→ PROBLEM TO WORK ON
Set down exactly, from the records below, the line with "#241=EDGE_CURVE('E145',#240,#232,#238,.T.);" through the line with "#299=LINE('',#298,#297);", and nothing else.

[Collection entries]
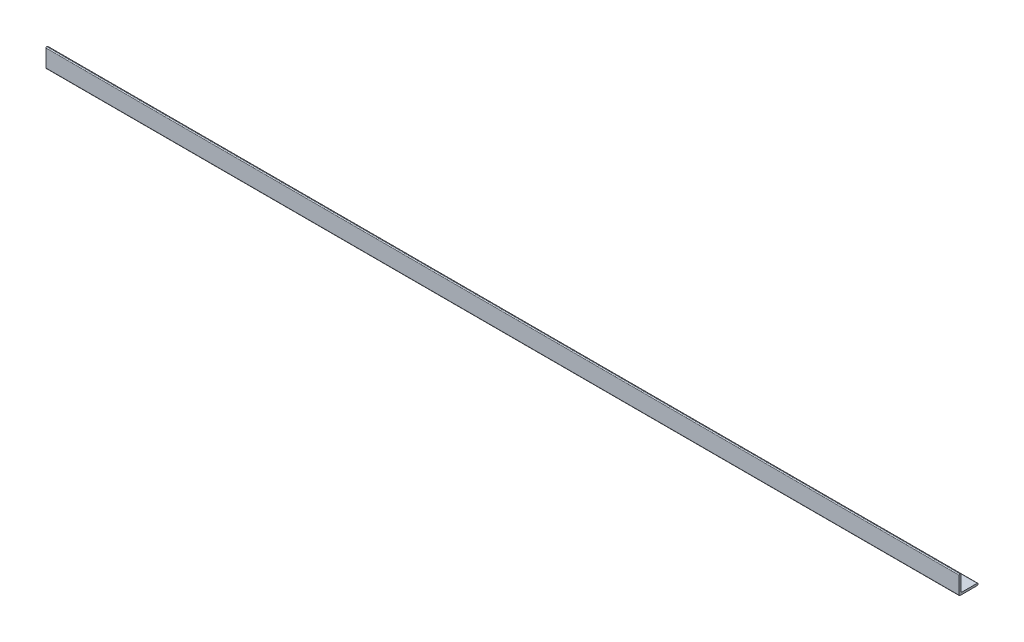
ISO-10303-21;
HEADER;
FILE_DESCRIPTION(('STEP AP214'),'2;1');
FILE_NAME('part.step','',(''),(''),'','','');
FILE_SCHEMA(('AUTOMOTIVE_DESIGN { 1 0 10303 214 1 1 1 1 }'));
ENDSEC;
DATA;
#1=APPLICATION_CONTEXT('core data for automotive mechanical design processes');
#2=APPLICATION_PROTOCOL_DEFINITION('international standard','automotive_design',2000,#1);
#3=PRODUCT_CONTEXT('',#1,'mechanical');
#4=PRODUCT('Part','Part','',(#3));
#5=PRODUCT_RELATED_PRODUCT_CATEGORY('part','',(#4));
#6=PRODUCT_DEFINITION_FORMATION('','',#4);
#7=PRODUCT_DEFINITION_CONTEXT('part definition',#1,'design');
#8=PRODUCT_DEFINITION('design','',#6,#7);
#9=PRODUCT_DEFINITION_SHAPE('','',#8);
#10=(LENGTH_UNIT() NAMED_UNIT(*) SI_UNIT(.MILLI.,.METRE.));
#11=(NAMED_UNIT(*) PLANE_ANGLE_UNIT() SI_UNIT($,.RADIAN.));
#12=(NAMED_UNIT(*) SI_UNIT($,.STERADIAN.) SOLID_ANGLE_UNIT());
#13=UNCERTAINTY_MEASURE_WITH_UNIT(LENGTH_MEASURE(1.E-05),#10,'distance_accuracy_value','');
#14=(GEOMETRIC_REPRESENTATION_CONTEXT(3) GLOBAL_UNCERTAINTY_ASSIGNED_CONTEXT((#13)) GLOBAL_UNIT_ASSIGNED_CONTEXT((#10,
#11,#12)) REPRESENTATION_CONTEXT('',''));
#15=CARTESIAN_POINT('',(0.,0.,0.));
#16=DIRECTION('',(0.,0.,1.));
#17=DIRECTION('',(1.,0.,0.));
#18=AXIS2_PLACEMENT_3D('',#15,#16,#17);
#19=CARTESIAN_POINT('',(544.,2.5,-11.25));
#20=DIRECTION('',(-1.,0.,0.));
#21=DIRECTION('',(0.,0.,1.));
#22=AXIS2_PLACEMENT_3D('',#19,#20,#21);
#23=PLANE('',#22);
#24=DIRECTION('',(0.,-1.,0.));
#25=VECTOR('',#24,1.);
#26=CARTESIAN_POINT('',(544.,2.5,11.25));
#27=LINE('',#26,#25);
#28=CARTESIAN_POINT('',(544.,21.5,11.25));
#29=VERTEX_POINT('',#28);
#30=CARTESIAN_POINT('',(544.,1.,11.25));
#31=VERTEX_POINT('',#30);
#32=EDGE_CURVE('E126',#29,#31,#27,.T.);
#33=ORIENTED_EDGE('',*,*,#32,.T.);
#34=CARTESIAN_POINT('',(544.,1.,10.25));
#35=DIRECTION('',(-1.,0.,0.));
#36=DIRECTION('',(0.,0.,1.));
#37=AXIS2_PLACEMENT_3D('',#34,#35,#36);
#38=CIRCLE('',#37,1.);
#39=CARTESIAN_POINT('',(544.,0.,10.25));
#40=VERTEX_POINT('',#39);
#41=EDGE_CURVE('E162',#31,#40,#38,.F.);
#42=ORIENTED_EDGE('',*,*,#41,.T.);
#43=DIRECTION('',(0.,0.,-1.));
#44=VECTOR('',#43,1.);
#45=CARTESIAN_POINT('',(544.,0.,-11.25));
#46=LINE('',#45,#44);
#47=CARTESIAN_POINT('',(544.,0.,-10.25));
#48=VERTEX_POINT('',#47);
#49=EDGE_CURVE('E217',#40,#48,#46,.T.);
#50=ORIENTED_EDGE('',*,*,#49,.T.);
#51=CARTESIAN_POINT('',(544.,1.,-10.25));
#52=DIRECTION('',(-1.,0.,0.));
#53=DIRECTION('',(0.,0.,1.));
#54=AXIS2_PLACEMENT_3D('',#51,#52,#53);
#55=CIRCLE('',#54,1.);
#56=CARTESIAN_POINT('',(544.,1.,-11.25));
#57=VERTEX_POINT('',#56);
#58=EDGE_CURVE('E160',#48,#57,#55,.F.);
#59=ORIENTED_EDGE('',*,*,#58,.T.);
#60=DIRECTION('',(0.,-1.,0.));
#61=VECTOR('',#60,1.);
#62=CARTESIAN_POINT('',(544.,2.5,-11.25));
#63=LINE('',#62,#61);
#64=CARTESIAN_POINT('',(544.,1.5,-11.25));
#65=VERTEX_POINT('',#64);
#66=EDGE_CURVE('E150',#65,#57,#63,.T.);
#67=ORIENTED_EDGE('',*,*,#66,.F.);
#68=CARTESIAN_POINT('',(544.,1.5,-10.25));
#69=DIRECTION('',(-1.,0.,0.));
#70=DIRECTION('',(0.,0.,1.));
#71=AXIS2_PLACEMENT_3D('',#68,#69,#70);
#72=CIRCLE('',#71,1.);
#73=CARTESIAN_POINT('',(544.,2.5,-10.25));
#74=VERTEX_POINT('',#73);
#75=EDGE_CURVE('E133',#65,#74,#72,.F.);
#76=ORIENTED_EDGE('',*,*,#75,.T.);
#77=DIRECTION('',(0.,0.,-1.));
#78=VECTOR('',#77,1.);
#79=CARTESIAN_POINT('',(544.,2.5,-11.25));
#80=LINE('',#79,#78);
#81=CARTESIAN_POINT('',(544.,2.5,7.74999999999999));
#82=VERTEX_POINT('',#81);
#83=EDGE_CURVE('E207',#82,#74,#80,.T.);
#84=ORIENTED_EDGE('',*,*,#83,.F.);
#85=CARTESIAN_POINT('',(544.,3.5,7.75));
#86=DIRECTION('',(-1.,0.,0.));
#87=DIRECTION('',(0.,0.,1.));
#88=AXIS2_PLACEMENT_3D('',#85,#86,#87);
#89=CIRCLE('',#88,1.);
#90=CARTESIAN_POINT('',(544.,3.5,8.75));
#91=VERTEX_POINT('',#90);
#92=EDGE_CURVE('E11',#82,#91,#89,.T.);
#93=ORIENTED_EDGE('',*,*,#92,.T.);
#94=DIRECTION('',(0.,-1.,0.));
#95=VECTOR('',#94,1.);
#96=CARTESIAN_POINT('',(544.,22.5,8.75));
#97=LINE('',#96,#95);
#98=CARTESIAN_POINT('',(544.,21.5,8.75));
#99=VERTEX_POINT('',#98);
#100=EDGE_CURVE('E212',#99,#91,#97,.T.);
#101=ORIENTED_EDGE('',*,*,#100,.F.);
#102=CARTESIAN_POINT('',(544.,21.5,9.75));
#103=DIRECTION('',(-1.,0.,0.));
#104=DIRECTION('',(0.,0.,1.));
#105=AXIS2_PLACEMENT_3D('',#102,#103,#104);
#106=CIRCLE('',#105,1.);
#107=CARTESIAN_POINT('',(544.,22.5,9.75));
#108=VERTEX_POINT('',#107);
#109=EDGE_CURVE('E134',#99,#108,#106,.F.);
#110=ORIENTED_EDGE('',*,*,#109,.T.);
#111=DIRECTION('',(0.,0.,-1.));
#112=VECTOR('',#111,1.);
#113=CARTESIAN_POINT('',(544.,22.5,11.25));
#114=LINE('',#113,#112);
#115=CARTESIAN_POINT('',(544.,22.5,10.25));
#116=VERTEX_POINT('',#115);
#117=EDGE_CURVE('E128',#116,#108,#114,.T.);
#118=ORIENTED_EDGE('',*,*,#117,.F.);
#119=CARTESIAN_POINT('',(544.,21.5,10.25));
#120=DIRECTION('',(-1.,0.,0.));
#121=DIRECTION('',(0.,0.,1.));
#122=AXIS2_PLACEMENT_3D('',#119,#120,#121);
#123=CIRCLE('',#122,1.);
#124=EDGE_CURVE('E124',#116,#29,#123,.F.);
#125=ORIENTED_EDGE('',*,*,#124,.T.);
#126=EDGE_LOOP('',(#33,#42,#50,#59,#67,#76,#84,#93,#101,#110,#118,#125));
#127=FACE_BOUND('',#126,.T.);
#128=ADVANCED_FACE('F34',(#127),#23,.F.);
#129=CARTESIAN_POINT('',(-544.,2.5,-11.25));
#130=DIRECTION('',(0.,0.,1.));
#131=DIRECTION('',(1.,0.,0.));
#132=AXIS2_PLACEMENT_3D('',#129,#130,#131);
#133=PLANE('',#132);
#134=ORIENTED_EDGE('',*,*,#66,.T.);
#135=DIRECTION('',(-1.,0.,0.));
#136=VECTOR('',#135,1.);
#137=CARTESIAN_POINT('',(-544.,1.,-11.25));
#138=LINE('',#137,#136);
#139=CARTESIAN_POINT('',(-544.,1.,-11.25));
#140=VERTEX_POINT('',#139);
#141=EDGE_CURVE('E177',#57,#140,#138,.T.);
#142=ORIENTED_EDGE('',*,*,#141,.T.);
#143=DIRECTION('',(0.,-1.,0.));
#144=VECTOR('',#143,1.);
#145=CARTESIAN_POINT('',(-544.,2.5,-11.25));
#146=LINE('',#145,#144);
#147=CARTESIAN_POINT('',(-544.,1.5,-11.25));
#148=VERTEX_POINT('',#147);
#149=EDGE_CURVE('E154',#148,#140,#146,.T.);
#150=ORIENTED_EDGE('',*,*,#149,.F.);
#151=DIRECTION('',(-1.,0.,0.));
#152=VECTOR('',#151,1.);
#153=CARTESIAN_POINT('',(544.,1.5,-11.25));
#154=LINE('',#153,#152);
#155=EDGE_CURVE('E175',#148,#65,#154,.F.);
#156=ORIENTED_EDGE('',*,*,#155,.T.);
#157=EDGE_LOOP('',(#134,#142,#150,#156));
#158=FACE_BOUND('',#157,.T.);
#159=ADVANCED_FACE('F231',(#158),#133,.F.);
#160=CARTESIAN_POINT('',(-544.,2.5,-11.25));
#161=DIRECTION('',(1.,0.,0.));
#162=DIRECTION('',(0.,0.,-1.));
#163=AXIS2_PLACEMENT_3D('',#160,#161,#162);
#164=PLANE('',#163);
#165=DIRECTION('',(0.,0.,1.));
#166=VECTOR('',#165,1.);
#167=CARTESIAN_POINT('',(-544.,0.,-11.25));
#168=LINE('',#167,#166);
#169=CARTESIAN_POINT('',(-544.,0.,-10.25));
#170=VERTEX_POINT('',#169);
#171=CARTESIAN_POINT('',(-544.,0.,10.25));
#172=VERTEX_POINT('',#171);
#173=EDGE_CURVE('E220',#170,#172,#168,.T.);
#174=ORIENTED_EDGE('',*,*,#173,.T.);
#175=CARTESIAN_POINT('',(-544.,1.,10.25));
#176=DIRECTION('',(1.,0.,0.));
#177=DIRECTION('',(0.,0.,-1.));
#178=AXIS2_PLACEMENT_3D('',#175,#176,#177);
#179=CIRCLE('',#178,1.);
#180=CARTESIAN_POINT('',(-544.,1.,11.25));
#181=VERTEX_POINT('',#180);
#182=EDGE_CURVE('E173',#172,#181,#179,.F.);
#183=ORIENTED_EDGE('',*,*,#182,.T.);
#184=DIRECTION('',(0.,-1.,0.));
#185=VECTOR('',#184,1.);
#186=CARTESIAN_POINT('',(-544.,2.5,11.25));
#187=LINE('',#186,#185);
#188=CARTESIAN_POINT('',(-544.,21.5,11.25));
#189=VERTEX_POINT('',#188);
#190=EDGE_CURVE('E144',#189,#181,#187,.T.);
#191=ORIENTED_EDGE('',*,*,#190,.F.);
#192=CARTESIAN_POINT('',(-544.,21.5,10.25));
#193=DIRECTION('',(1.,0.,0.));
#194=DIRECTION('',(0.,0.,-1.));
#195=AXIS2_PLACEMENT_3D('',#192,#193,#194);
#196=CIRCLE('',#195,1.);
#197=CARTESIAN_POINT('',(-544.,22.5,10.25));
#198=VERTEX_POINT('',#197);
#199=EDGE_CURVE('E149',#189,#198,#196,.F.);
#200=ORIENTED_EDGE('',*,*,#199,.T.);
#201=DIRECTION('',(0.,0.,1.));
#202=VECTOR('',#201,1.);
#203=CARTESIAN_POINT('',(-544.,22.5,11.25));
#204=LINE('',#203,#202);
#205=CARTESIAN_POINT('',(-544.,22.5,9.75000000000013));
#206=VERTEX_POINT('',#205);
#207=EDGE_CURVE('E222',#206,#198,#204,.T.);
#208=ORIENTED_EDGE('',*,*,#207,.F.);
#209=CARTESIAN_POINT('',(-544.,21.5,9.75000000000013));
#210=DIRECTION('',(1.,0.,0.));
#211=DIRECTION('',(0.,0.,-1.));
#212=AXIS2_PLACEMENT_3D('',#209,#210,#211);
#213=CIRCLE('',#212,1.);
#214=CARTESIAN_POINT('',(-544.,21.5,8.75000000000013));
#215=VERTEX_POINT('',#214);
#216=EDGE_CURVE('E168',#206,#215,#213,.F.);
#217=ORIENTED_EDGE('',*,*,#216,.T.);
#218=DIRECTION('',(0.,-1.,0.));
#219=VECTOR('',#218,1.);
#220=CARTESIAN_POINT('',(-544.,22.5,8.75000000000013));
#221=LINE('',#220,#219);
#222=CARTESIAN_POINT('',(-544.,3.5,8.75000000000013));
#223=VERTEX_POINT('',#222);
#224=EDGE_CURVE('E198',#215,#223,#221,.T.);
#225=ORIENTED_EDGE('',*,*,#224,.T.);
#226=CARTESIAN_POINT('',(-544.,3.5,7.75000000000013));
#227=DIRECTION('',(1.,0.,0.));
#228=DIRECTION('',(0.,0.,-1.));
#229=AXIS2_PLACEMENT_3D('',#226,#227,#228);
#230=CIRCLE('',#229,1.);
#231=CARTESIAN_POINT('',(-544.,2.5,7.75000000000012));
#232=VERTEX_POINT('',#231);
#233=EDGE_CURVE('E42',#223,#232,#230,.T.);
#234=ORIENTED_EDGE('',*,*,#233,.T.);
#235=DIRECTION('',(0.,0.,1.));
#236=VECTOR('',#235,1.);
#237=CARTESIAN_POINT('',(-544.,2.5,-11.25));
#238=LINE('',#237,#236);
#239=CARTESIAN_POINT('',(-544.,2.5,-10.25));
#240=VERTEX_POINT('',#239);
#241=EDGE_CURVE('E145',#240,#232,#238,.T.);
#242=ORIENTED_EDGE('',*,*,#241,.F.);
#243=CARTESIAN_POINT('',(-544.,1.5,-10.25));
#244=DIRECTION('',(1.,0.,0.));
#245=DIRECTION('',(0.,0.,-1.));
#246=AXIS2_PLACEMENT_3D('',#243,#244,#245);
#247=CIRCLE('',#246,1.);
#248=EDGE_CURVE('E57',#240,#148,#247,.F.);
#249=ORIENTED_EDGE('',*,*,#248,.T.);
#250=ORIENTED_EDGE('',*,*,#149,.T.);
#251=CARTESIAN_POINT('',(-544.,1.,-10.25));
#252=DIRECTION('',(1.,0.,0.));
#253=DIRECTION('',(0.,0.,-1.));
#254=AXIS2_PLACEMENT_3D('',#251,#252,#253);
#255=CIRCLE('',#254,1.);
#256=EDGE_CURVE('E49',#140,#170,#255,.F.);
#257=ORIENTED_EDGE('',*,*,#256,.T.);
#258=EDGE_LOOP('',(#174,#183,#191,#200,#208,#217,#225,#234,#242,#249,#250,#257));
#259=FACE_BOUND('',#258,.T.);
#260=ADVANCED_FACE('F196',(#259),#164,.F.);
#261=CARTESIAN_POINT('',(-544.,2.5,11.25));
#262=DIRECTION('',(0.,0.,-1.));
#263=DIRECTION('',(-1.,0.,0.));
#264=AXIS2_PLACEMENT_3D('',#261,#262,#263);
#265=PLANE('',#264);
#266=ORIENTED_EDGE('',*,*,#190,.T.);
#267=DIRECTION('',(1.,0.,0.));
#268=VECTOR('',#267,1.);
#269=CARTESIAN_POINT('',(-544.,1.,11.25));
#270=LINE('',#269,#268);
#271=EDGE_CURVE('E143',#181,#31,#270,.T.);
#272=ORIENTED_EDGE('',*,*,#271,.T.);
#273=ORIENTED_EDGE('',*,*,#32,.F.);
#274=DIRECTION('',(1.,0.,0.));
#275=VECTOR('',#274,1.);
#276=CARTESIAN_POINT('',(-544.,21.5,11.25));
#277=LINE('',#276,#275);
#278=EDGE_CURVE('E140',#29,#189,#277,.F.);
#279=ORIENTED_EDGE('',*,*,#278,.T.);
#280=EDGE_LOOP('',(#266,#272,#273,#279));
#281=FACE_BOUND('',#280,.T.);
#282=ADVANCED_FACE('F139',(#281),#265,.F.);
#283=CARTESIAN_POINT('',(0.,2.5,0.));
#284=DIRECTION('',(0.,1.,0.));
#285=DIRECTION('',(0.,0.,1.));
#286=AXIS2_PLACEMENT_3D('',#283,#284,#285);
#287=PLANE('',#286);
#288=ORIENTED_EDGE('',*,*,#83,.T.);
#289=DIRECTION('',(-1.,0.,0.));
#290=VECTOR('',#289,1.);
#291=CARTESIAN_POINT('',(-544.,2.5,-10.25));
#292=LINE('',#291,#290);
#293=EDGE_CURVE('E181',#74,#240,#292,.T.);
#294=ORIENTED_EDGE('',*,*,#293,.T.);
#295=ORIENTED_EDGE('',*,*,#241,.T.);
#296=DIRECTION('',(-1.,0.,0.));
#297=VECTOR('',#296,1.);
#298=CARTESIAN_POINT('',(0.,2.5,7.75000000000006));
#299=LINE('',#298,#297);
#300=EDGE_CURVE('E179',#232,#82,#299,.F.);
#301=ORIENTED_EDGE('',*,*,#300,.T.);
#302=EDGE_LOOP('',(#288,#294,#295,#301));
#303=FACE_BOUND('',#302,.T.);
#304=ADVANCED_FACE('F204',(#303),#287,.T.);
#305=CARTESIAN_POINT('',(0.,0.,0.));
#306=DIRECTION('',(0.,1.,0.));
#307=DIRECTION('',(0.,0.,1.));
#308=AXIS2_PLACEMENT_3D('',#305,#306,#307);
#309=PLANE('',#308);
#310=ORIENTED_EDGE('',*,*,#49,.F.);
#311=DIRECTION('',(1.,0.,0.));
#312=VECTOR('',#311,1.);
#313=CARTESIAN_POINT('',(0.,0.,10.25));
#314=LINE('',#313,#312);
#315=EDGE_CURVE('E166',#40,#172,#314,.F.);
#316=ORIENTED_EDGE('',*,*,#315,.T.);
#317=ORIENTED_EDGE('',*,*,#173,.F.);
#318=DIRECTION('',(-1.,0.,0.));
#319=VECTOR('',#318,1.);
#320=CARTESIAN_POINT('',(0.,0.,-10.25));
#321=LINE('',#320,#319);
#322=EDGE_CURVE('E164',#170,#48,#321,.F.);
#323=ORIENTED_EDGE('',*,*,#322,.T.);
#324=EDGE_LOOP('',(#310,#316,#317,#323));
#325=FACE_BOUND('',#324,.T.);
#326=ADVANCED_FACE('F240',(#325),#309,.F.);
#327=CARTESIAN_POINT('',(544.,22.5,8.75));
#328=DIRECTION('',(0.,0.,1.));
#329=DIRECTION('',(1.,0.,0.));
#330=AXIS2_PLACEMENT_3D('',#327,#328,#329);
#331=PLANE('',#330);
#332=ORIENTED_EDGE('',*,*,#224,.F.);
#333=DIRECTION('',(-1.,0.,0.));
#334=VECTOR('',#333,1.);
#335=CARTESIAN_POINT('',(544.,21.5,8.75));
#336=LINE('',#335,#334);
#337=EDGE_CURVE('E192',#215,#99,#336,.F.);
#338=ORIENTED_EDGE('',*,*,#337,.T.);
#339=ORIENTED_EDGE('',*,*,#100,.T.);
#340=DIRECTION('',(-1.,0.,0.));
#341=VECTOR('',#340,1.);
#342=CARTESIAN_POINT('',(544.,3.5,8.75));
#343=LINE('',#342,#341);
#344=EDGE_CURVE('E189',#91,#223,#343,.T.);
#345=ORIENTED_EDGE('',*,*,#344,.T.);
#346=EDGE_LOOP('',(#332,#338,#339,#345));
#347=FACE_BOUND('',#346,.T.);
#348=ADVANCED_FACE('F215',(#347),#331,.F.);
#349=CARTESIAN_POINT('',(0.,22.5,0.));
#350=DIRECTION('',(0.,1.,0.));
#351=DIRECTION('',(0.,0.,1.));
#352=AXIS2_PLACEMENT_3D('',#349,#350,#351);
#353=PLANE('',#352);
#354=ORIENTED_EDGE('',*,*,#207,.T.);
#355=DIRECTION('',(1.,0.,0.));
#356=VECTOR('',#355,1.);
#357=CARTESIAN_POINT('',(544.,22.5,10.25));
#358=LINE('',#357,#356);
#359=EDGE_CURVE('E187',#198,#116,#358,.T.);
#360=ORIENTED_EDGE('',*,*,#359,.T.);
#361=ORIENTED_EDGE('',*,*,#117,.T.);
#362=DIRECTION('',(-1.,0.,0.));
#363=VECTOR('',#362,1.);
#364=CARTESIAN_POINT('',(-544.,22.5,9.75000000000013));
#365=LINE('',#364,#363);
#366=EDGE_CURVE('E184',#108,#206,#365,.T.);
#367=ORIENTED_EDGE('',*,*,#366,.T.);
#368=EDGE_LOOP('',(#354,#360,#361,#367));
#369=FACE_BOUND('',#368,.T.);
#370=ADVANCED_FACE('F248',(#369),#353,.T.);
#371=CARTESIAN_POINT('',(-544.,1.,10.25));
#372=DIRECTION('',(1.,0.,0.));
#373=DIRECTION('',(0.,0.,-1.));
#374=AXIS2_PLACEMENT_3D('',#371,#372,#373);
#375=CYLINDRICAL_SURFACE('',#374,1.);
#376=ORIENTED_EDGE('',*,*,#182,.F.);
#377=ORIENTED_EDGE('',*,*,#315,.F.);
#378=ORIENTED_EDGE('',*,*,#41,.F.);
#379=ORIENTED_EDGE('',*,*,#271,.F.);
#380=EDGE_LOOP('',(#376,#377,#378,#379));
#381=FACE_BOUND('',#380,.T.);
#382=ADVANCED_FACE('F244',(#381),#375,.T.);
#383=CARTESIAN_POINT('',(-544.,1.,-10.25));
#384=DIRECTION('',(-1.,0.,0.));
#385=DIRECTION('',(0.,0.,1.));
#386=AXIS2_PLACEMENT_3D('',#383,#384,#385);
#387=CYLINDRICAL_SURFACE('',#386,1.);
#388=ORIENTED_EDGE('',*,*,#58,.F.);
#389=ORIENTED_EDGE('',*,*,#322,.F.);
#390=ORIENTED_EDGE('',*,*,#256,.F.);
#391=ORIENTED_EDGE('',*,*,#141,.F.);
#392=EDGE_LOOP('',(#388,#389,#390,#391));
#393=FACE_BOUND('',#392,.T.);
#394=ADVANCED_FACE('F237',(#393),#387,.T.);
#395=CARTESIAN_POINT('',(0.,1.5,-10.25));
#396=DIRECTION('',(1.,0.,0.));
#397=DIRECTION('',(0.,0.,-1.));
#398=AXIS2_PLACEMENT_3D('',#395,#396,#397);
#399=CYLINDRICAL_SURFACE('',#398,1.);
#400=ORIENTED_EDGE('',*,*,#75,.F.);
#401=ORIENTED_EDGE('',*,*,#155,.F.);
#402=ORIENTED_EDGE('',*,*,#248,.F.);
#403=ORIENTED_EDGE('',*,*,#293,.F.);
#404=EDGE_LOOP('',(#400,#401,#402,#403));
#405=FACE_BOUND('',#404,.T.);
#406=ADVANCED_FACE('F235',(#405),#399,.T.);
#407=CARTESIAN_POINT('',(0.,21.5,10.25));
#408=DIRECTION('',(-1.,0.,0.));
#409=DIRECTION('',(0.,0.,1.));
#410=AXIS2_PLACEMENT_3D('',#407,#408,#409);
#411=CYLINDRICAL_SURFACE('',#410,1.);
#412=ORIENTED_EDGE('',*,*,#199,.F.);
#413=ORIENTED_EDGE('',*,*,#278,.F.);
#414=ORIENTED_EDGE('',*,*,#124,.F.);
#415=ORIENTED_EDGE('',*,*,#359,.F.);
#416=EDGE_LOOP('',(#412,#413,#414,#415));
#417=FACE_BOUND('',#416,.T.);
#418=ADVANCED_FACE('F148',(#417),#411,.T.);
#419=CARTESIAN_POINT('',(0.,21.5,9.75000000000006));
#420=DIRECTION('',(1.,0.,0.));
#421=DIRECTION('',(0.,0.,-1.));
#422=AXIS2_PLACEMENT_3D('',#419,#420,#421);
#423=CYLINDRICAL_SURFACE('',#422,1.);
#424=ORIENTED_EDGE('',*,*,#109,.F.);
#425=ORIENTED_EDGE('',*,*,#337,.F.);
#426=ORIENTED_EDGE('',*,*,#216,.F.);
#427=ORIENTED_EDGE('',*,*,#366,.F.);
#428=EDGE_LOOP('',(#424,#425,#426,#427));
#429=FACE_BOUND('',#428,.T.);
#430=ADVANCED_FACE('F252',(#429),#423,.T.);
#431=CARTESIAN_POINT('',(544.,3.5,7.75));
#432=DIRECTION('',(-1.,0.,0.));
#433=DIRECTION('',(0.,0.,1.));
#434=AXIS2_PLACEMENT_3D('',#431,#432,#433);
#435=CYLINDRICAL_SURFACE('',#434,1.);
#436=ORIENTED_EDGE('',*,*,#92,.F.);
#437=ORIENTED_EDGE('',*,*,#300,.F.);
#438=ORIENTED_EDGE('',*,*,#233,.F.);
#439=ORIENTED_EDGE('',*,*,#344,.F.);
#440=EDGE_LOOP('',(#436,#437,#438,#439));
#441=FACE_BOUND('',#440,.T.);
#442=ADVANCED_FACE('F36',(#441),#435,.F.);
#443=CLOSED_SHELL('',(#128,#159,#260,#282,#304,#326,#348,#370,#382,#394,#406,#418,#430,#442));
#444=MANIFOLD_SOLID_BREP('B2',#443);
#445=ADVANCED_BREP_SHAPE_REPRESENTATION('',(#18,#444),#14);
#446=SHAPE_DEFINITION_REPRESENTATION(#9,#445);
ENDSEC;
END-ISO-10303-21;

→ ANSWER TO THE EXERCISE
#241=EDGE_CURVE('E145',#240,#232,#238,.T.);
#242=ORIENTED_EDGE('',*,*,#241,.F.);
#243=CARTESIAN_POINT('',(-544.,1.5,-10.25));
#244=DIRECTION('',(1.,0.,0.));
#245=DIRECTION('',(0.,0.,-1.));
#246=AXIS2_PLACEMENT_3D('',#243,#244,#245);
#247=CIRCLE('',#246,1.);
#248=EDGE_CURVE('E57',#240,#148,#247,.F.);
#249=ORIENTED_EDGE('',*,*,#248,.T.);
#250=ORIENTED_EDGE('',*,*,#149,.T.);
#251=CARTESIAN_POINT('',(-544.,1.,-10.25));
#252=DIRECTION('',(1.,0.,0.));
#253=DIRECTION('',(0.,0.,-1.));
#254=AXIS2_PLACEMENT_3D('',#251,#252,#253);
#255=CIRCLE('',#254,1.);
#256=EDGE_CURVE('E49',#140,#170,#255,.F.);
#257=ORIENTED_EDGE('',*,*,#256,.T.);
#258=EDGE_LOOP('',(#174,#183,#191,#200,#208,#217,#225,#234,#242,#249,#250,#257));
#259=FACE_BOUND('',#258,.T.);
#260=ADVANCED_FACE('F196',(#259),#164,.F.);
#261=CARTESIAN_POINT('',(-544.,2.5,11.25));
#262=DIRECTION('',(0.,0.,-1.));
#263=DIRECTION('',(-1.,0.,0.));
#264=AXIS2_PLACEMENT_3D('',#261,#262,#263);
#265=PLANE('',#264);
#266=ORIENTED_EDGE('',*,*,#190,.T.);
#267=DIRECTION('',(1.,0.,0.));
#268=VECTOR('',#267,1.);
#269=CARTESIAN_POINT('',(-544.,1.,11.25));
#270=LINE('',#269,#268);
#271=EDGE_CURVE('E143',#181,#31,#270,.T.);
#272=ORIENTED_EDGE('',*,*,#271,.T.);
#273=ORIENTED_EDGE('',*,*,#32,.F.);
#274=DIRECTION('',(1.,0.,0.));
#275=VECTOR('',#274,1.);
#276=CARTESIAN_POINT('',(-544.,21.5,11.25));
#277=LINE('',#276,#275);
#278=EDGE_CURVE('E140',#29,#189,#277,.F.);
#279=ORIENTED_EDGE('',*,*,#278,.T.);
#280=EDGE_LOOP('',(#266,#272,#273,#279));
#281=FACE_BOUND('',#280,.T.);
#282=ADVANCED_FACE('F139',(#281),#265,.F.);
#283=CARTESIAN_POINT('',(0.,2.5,0.));
#284=DIRECTION('',(0.,1.,0.));
#285=DIRECTION('',(0.,0.,1.));
#286=AXIS2_PLACEMENT_3D('',#283,#284,#285);
#287=PLANE('',#286);
#288=ORIENTED_EDGE('',*,*,#83,.T.);
#289=DIRECTION('',(-1.,0.,0.));
#290=VECTOR('',#289,1.);
#291=CARTESIAN_POINT('',(-544.,2.5,-10.25));
#292=LINE('',#291,#290);
#293=EDGE_CURVE('E181',#74,#240,#292,.T.);
#294=ORIENTED_EDGE('',*,*,#293,.T.);
#295=ORIENTED_EDGE('',*,*,#241,.T.);
#296=DIRECTION('',(-1.,0.,0.));
#297=VECTOR('',#296,1.);
#298=CARTESIAN_POINT('',(0.,2.5,7.75000000000006));
#299=LINE('',#298,#297);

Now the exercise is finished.